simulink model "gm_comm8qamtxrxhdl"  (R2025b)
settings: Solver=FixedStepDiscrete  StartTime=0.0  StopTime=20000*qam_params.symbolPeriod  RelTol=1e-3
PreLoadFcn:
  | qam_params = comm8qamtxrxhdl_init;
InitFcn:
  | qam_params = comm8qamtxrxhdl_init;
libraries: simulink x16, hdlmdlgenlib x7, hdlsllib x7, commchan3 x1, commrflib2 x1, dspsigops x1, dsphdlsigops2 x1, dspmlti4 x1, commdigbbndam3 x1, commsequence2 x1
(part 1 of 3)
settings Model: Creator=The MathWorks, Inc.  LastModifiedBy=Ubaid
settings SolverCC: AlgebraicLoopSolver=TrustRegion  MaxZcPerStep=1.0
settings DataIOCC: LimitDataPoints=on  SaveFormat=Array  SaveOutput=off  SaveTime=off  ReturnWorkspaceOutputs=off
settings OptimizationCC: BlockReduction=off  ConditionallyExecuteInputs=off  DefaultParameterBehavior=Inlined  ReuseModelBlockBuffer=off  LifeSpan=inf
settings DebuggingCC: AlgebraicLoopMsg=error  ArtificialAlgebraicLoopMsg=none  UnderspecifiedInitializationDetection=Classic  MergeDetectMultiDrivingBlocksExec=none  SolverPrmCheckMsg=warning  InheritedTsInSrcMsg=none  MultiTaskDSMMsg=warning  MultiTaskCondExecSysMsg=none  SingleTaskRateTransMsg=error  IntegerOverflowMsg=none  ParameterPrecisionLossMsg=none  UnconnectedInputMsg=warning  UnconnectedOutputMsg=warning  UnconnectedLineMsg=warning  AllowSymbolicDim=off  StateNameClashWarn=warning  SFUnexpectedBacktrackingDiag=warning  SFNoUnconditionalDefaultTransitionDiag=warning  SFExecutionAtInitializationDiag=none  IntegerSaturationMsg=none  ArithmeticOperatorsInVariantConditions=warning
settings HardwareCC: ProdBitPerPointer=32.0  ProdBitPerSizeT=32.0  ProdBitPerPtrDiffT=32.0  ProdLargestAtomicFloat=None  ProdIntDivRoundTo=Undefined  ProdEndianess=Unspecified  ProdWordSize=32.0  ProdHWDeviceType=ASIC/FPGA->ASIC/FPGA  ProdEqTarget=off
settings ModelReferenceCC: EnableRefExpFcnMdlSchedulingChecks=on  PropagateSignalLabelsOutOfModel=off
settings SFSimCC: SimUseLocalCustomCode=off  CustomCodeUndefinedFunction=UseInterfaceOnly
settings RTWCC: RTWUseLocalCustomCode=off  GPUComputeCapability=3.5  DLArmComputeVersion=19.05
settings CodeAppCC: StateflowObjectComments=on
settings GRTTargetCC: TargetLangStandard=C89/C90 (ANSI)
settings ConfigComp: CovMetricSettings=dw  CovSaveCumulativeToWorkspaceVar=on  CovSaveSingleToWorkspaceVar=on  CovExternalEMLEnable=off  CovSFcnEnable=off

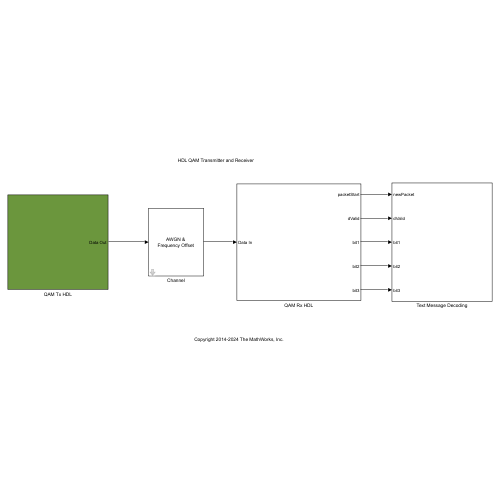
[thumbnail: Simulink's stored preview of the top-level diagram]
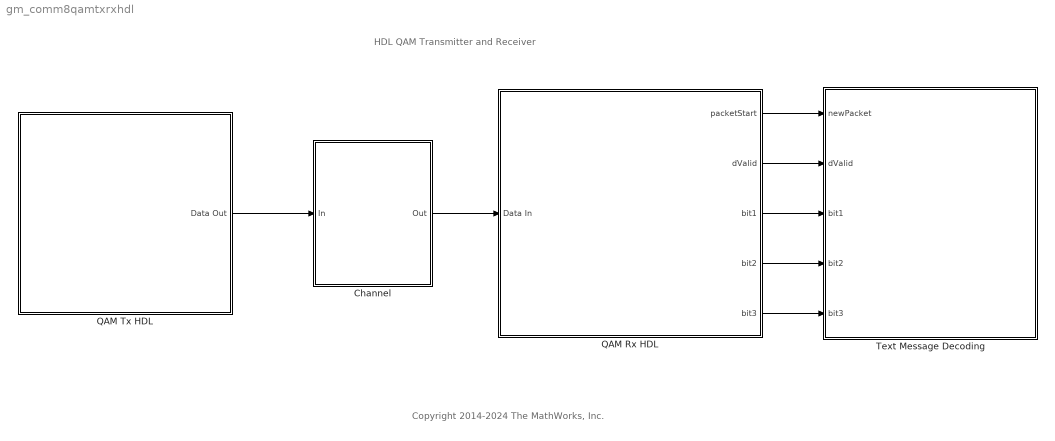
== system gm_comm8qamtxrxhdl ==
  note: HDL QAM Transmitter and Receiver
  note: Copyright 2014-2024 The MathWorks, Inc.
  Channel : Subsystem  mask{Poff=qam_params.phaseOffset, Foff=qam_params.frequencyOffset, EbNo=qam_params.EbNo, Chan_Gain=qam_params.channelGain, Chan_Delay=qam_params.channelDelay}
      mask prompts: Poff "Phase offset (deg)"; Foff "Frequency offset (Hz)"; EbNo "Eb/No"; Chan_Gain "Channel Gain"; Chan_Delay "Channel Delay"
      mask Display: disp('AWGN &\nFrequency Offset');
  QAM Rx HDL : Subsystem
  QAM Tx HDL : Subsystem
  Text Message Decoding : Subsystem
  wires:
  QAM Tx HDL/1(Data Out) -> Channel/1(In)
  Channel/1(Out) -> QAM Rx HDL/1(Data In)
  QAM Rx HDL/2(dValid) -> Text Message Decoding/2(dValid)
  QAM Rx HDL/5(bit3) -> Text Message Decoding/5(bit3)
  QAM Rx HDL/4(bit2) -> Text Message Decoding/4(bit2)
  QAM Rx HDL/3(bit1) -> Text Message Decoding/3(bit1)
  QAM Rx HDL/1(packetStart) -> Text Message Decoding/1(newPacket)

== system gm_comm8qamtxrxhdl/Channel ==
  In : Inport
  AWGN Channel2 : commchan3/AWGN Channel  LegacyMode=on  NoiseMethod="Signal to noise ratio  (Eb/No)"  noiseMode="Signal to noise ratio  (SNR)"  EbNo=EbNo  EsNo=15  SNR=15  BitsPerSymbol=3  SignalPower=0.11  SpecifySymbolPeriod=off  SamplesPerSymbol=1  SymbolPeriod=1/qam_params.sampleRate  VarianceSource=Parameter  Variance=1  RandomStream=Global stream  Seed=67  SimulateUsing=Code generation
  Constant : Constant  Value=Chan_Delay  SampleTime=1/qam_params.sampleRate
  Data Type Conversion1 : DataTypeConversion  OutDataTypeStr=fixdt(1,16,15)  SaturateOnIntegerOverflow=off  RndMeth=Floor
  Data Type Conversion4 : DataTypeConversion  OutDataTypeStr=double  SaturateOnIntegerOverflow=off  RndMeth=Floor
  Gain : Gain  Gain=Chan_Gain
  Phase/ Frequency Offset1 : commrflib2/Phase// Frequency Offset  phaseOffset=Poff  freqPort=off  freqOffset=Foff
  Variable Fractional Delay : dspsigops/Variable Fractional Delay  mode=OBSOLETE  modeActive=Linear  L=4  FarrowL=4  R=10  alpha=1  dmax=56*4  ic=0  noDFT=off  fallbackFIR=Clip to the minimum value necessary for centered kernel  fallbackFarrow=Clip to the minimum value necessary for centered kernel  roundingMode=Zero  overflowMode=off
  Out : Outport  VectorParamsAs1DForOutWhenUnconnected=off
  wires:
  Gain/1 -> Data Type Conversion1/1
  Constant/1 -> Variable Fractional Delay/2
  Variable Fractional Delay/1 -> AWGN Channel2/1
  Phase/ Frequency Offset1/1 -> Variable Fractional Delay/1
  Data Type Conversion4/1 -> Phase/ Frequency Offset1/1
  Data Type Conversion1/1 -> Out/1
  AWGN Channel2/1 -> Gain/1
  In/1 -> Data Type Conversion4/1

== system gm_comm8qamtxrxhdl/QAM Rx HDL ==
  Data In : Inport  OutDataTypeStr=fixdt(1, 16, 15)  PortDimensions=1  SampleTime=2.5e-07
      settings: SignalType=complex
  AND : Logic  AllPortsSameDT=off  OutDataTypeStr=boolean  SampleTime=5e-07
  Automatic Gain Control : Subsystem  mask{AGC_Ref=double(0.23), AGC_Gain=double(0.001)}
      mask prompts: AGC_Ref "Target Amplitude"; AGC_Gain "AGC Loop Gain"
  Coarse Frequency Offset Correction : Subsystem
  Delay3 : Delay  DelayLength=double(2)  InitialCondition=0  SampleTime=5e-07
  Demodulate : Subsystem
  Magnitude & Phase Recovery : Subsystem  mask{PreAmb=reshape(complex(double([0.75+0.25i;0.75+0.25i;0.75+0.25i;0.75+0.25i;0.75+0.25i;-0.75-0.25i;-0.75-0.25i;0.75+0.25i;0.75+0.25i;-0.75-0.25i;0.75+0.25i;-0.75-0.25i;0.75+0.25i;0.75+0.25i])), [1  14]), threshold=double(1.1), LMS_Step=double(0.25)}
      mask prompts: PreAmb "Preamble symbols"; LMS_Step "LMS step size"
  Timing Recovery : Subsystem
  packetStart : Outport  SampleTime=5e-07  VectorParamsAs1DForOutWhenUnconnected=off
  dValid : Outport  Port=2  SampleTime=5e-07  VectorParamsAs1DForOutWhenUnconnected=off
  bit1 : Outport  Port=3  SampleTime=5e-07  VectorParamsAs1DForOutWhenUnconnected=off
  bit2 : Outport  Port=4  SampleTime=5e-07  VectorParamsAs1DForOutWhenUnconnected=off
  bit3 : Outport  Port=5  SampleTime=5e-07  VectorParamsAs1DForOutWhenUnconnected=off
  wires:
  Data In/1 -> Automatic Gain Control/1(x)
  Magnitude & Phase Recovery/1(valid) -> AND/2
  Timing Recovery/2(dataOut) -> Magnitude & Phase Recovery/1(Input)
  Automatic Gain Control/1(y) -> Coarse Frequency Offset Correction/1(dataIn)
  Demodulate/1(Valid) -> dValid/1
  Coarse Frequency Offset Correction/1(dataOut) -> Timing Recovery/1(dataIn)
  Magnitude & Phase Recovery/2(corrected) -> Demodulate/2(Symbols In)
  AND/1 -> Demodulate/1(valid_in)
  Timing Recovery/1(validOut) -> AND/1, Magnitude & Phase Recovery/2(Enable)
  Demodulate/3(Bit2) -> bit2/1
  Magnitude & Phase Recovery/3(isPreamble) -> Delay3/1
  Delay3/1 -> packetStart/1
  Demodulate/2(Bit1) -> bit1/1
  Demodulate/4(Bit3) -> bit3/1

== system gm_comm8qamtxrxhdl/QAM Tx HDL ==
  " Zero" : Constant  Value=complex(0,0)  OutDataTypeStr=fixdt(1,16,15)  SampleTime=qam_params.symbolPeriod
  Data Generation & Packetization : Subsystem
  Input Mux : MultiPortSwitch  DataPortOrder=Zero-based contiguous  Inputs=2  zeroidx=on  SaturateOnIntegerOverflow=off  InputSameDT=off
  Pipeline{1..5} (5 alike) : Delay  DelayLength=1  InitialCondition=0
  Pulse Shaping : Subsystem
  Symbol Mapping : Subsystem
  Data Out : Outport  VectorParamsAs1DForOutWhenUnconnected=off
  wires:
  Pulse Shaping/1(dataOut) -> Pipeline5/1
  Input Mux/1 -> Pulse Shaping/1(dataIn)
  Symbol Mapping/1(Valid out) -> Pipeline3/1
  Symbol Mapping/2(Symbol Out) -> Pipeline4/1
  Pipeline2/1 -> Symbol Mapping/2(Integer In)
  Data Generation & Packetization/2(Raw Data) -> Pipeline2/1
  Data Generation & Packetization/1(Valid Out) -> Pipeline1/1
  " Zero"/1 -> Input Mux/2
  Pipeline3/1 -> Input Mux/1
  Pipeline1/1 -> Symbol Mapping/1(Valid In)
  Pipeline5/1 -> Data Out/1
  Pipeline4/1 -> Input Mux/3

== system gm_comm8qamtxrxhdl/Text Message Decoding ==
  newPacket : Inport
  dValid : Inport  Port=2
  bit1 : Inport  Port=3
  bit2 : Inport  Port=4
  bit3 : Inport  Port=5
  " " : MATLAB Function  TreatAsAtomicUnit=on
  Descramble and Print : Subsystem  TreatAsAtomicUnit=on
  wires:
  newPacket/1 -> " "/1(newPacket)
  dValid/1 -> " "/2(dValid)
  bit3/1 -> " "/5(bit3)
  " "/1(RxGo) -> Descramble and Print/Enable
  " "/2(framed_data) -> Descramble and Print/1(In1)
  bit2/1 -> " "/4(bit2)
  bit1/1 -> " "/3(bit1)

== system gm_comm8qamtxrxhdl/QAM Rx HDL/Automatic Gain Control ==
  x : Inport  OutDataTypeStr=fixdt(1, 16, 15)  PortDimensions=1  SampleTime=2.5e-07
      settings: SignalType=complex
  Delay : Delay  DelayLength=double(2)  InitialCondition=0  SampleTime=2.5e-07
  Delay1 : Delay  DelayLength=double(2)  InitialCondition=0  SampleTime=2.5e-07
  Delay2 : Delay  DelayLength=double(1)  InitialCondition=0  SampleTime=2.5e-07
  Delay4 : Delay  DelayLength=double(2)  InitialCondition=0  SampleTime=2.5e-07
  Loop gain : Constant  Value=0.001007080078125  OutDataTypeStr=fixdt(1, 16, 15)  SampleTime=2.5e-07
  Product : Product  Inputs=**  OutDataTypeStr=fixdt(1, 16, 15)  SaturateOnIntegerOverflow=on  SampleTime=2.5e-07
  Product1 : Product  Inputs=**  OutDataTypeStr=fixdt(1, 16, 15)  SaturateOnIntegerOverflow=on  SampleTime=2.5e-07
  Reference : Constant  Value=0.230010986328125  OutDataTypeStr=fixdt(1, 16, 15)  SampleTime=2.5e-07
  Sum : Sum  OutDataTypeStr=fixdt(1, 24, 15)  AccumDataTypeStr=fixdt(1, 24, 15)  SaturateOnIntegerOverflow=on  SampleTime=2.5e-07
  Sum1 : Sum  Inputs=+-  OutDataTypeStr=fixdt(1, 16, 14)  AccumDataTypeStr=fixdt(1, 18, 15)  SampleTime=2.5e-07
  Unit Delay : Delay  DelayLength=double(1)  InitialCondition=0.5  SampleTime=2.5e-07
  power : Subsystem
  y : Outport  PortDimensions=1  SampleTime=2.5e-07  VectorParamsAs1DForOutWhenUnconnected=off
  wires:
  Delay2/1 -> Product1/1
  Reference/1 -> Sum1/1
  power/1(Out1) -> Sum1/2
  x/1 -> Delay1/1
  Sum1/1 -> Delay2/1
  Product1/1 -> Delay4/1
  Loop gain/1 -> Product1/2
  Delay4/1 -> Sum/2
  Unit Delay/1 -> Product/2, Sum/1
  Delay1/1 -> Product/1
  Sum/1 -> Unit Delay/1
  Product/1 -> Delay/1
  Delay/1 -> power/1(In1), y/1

--

Required work »
The required output is every line above from the one with "bit3 : Outport" down to the one with "Demodulate/3(Bit2) -> bit2/1", restated word for word, ends included.

Result for this task »
  bit3 : Outport  Port=5  SampleTime=5e-07  VectorParamsAs1DForOutWhenUnconnected=off
  wires:
  Data In/1 -> Automatic Gain Control/1(x)
  Magnitude & Phase Recovery/1(valid) -> AND/2
  Timing Recovery/2(dataOut) -> Magnitude & Phase Recovery/1(Input)
  Automatic Gain Control/1(y) -> Coarse Frequency Offset Correction/1(dataIn)
  Demodulate/1(Valid) -> dValid/1
  Coarse Frequency Offset Correction/1(dataOut) -> Timing Recovery/1(dataIn)
  Magnitude & Phase Recovery/2(corrected) -> Demodulate/2(Symbols In)
  AND/1 -> Demodulate/1(valid_in)
  Timing Recovery/1(validOut) -> AND/1, Magnitude & Phase Recovery/2(Enable)
  Demodulate/3(Bit2) -> bit2/1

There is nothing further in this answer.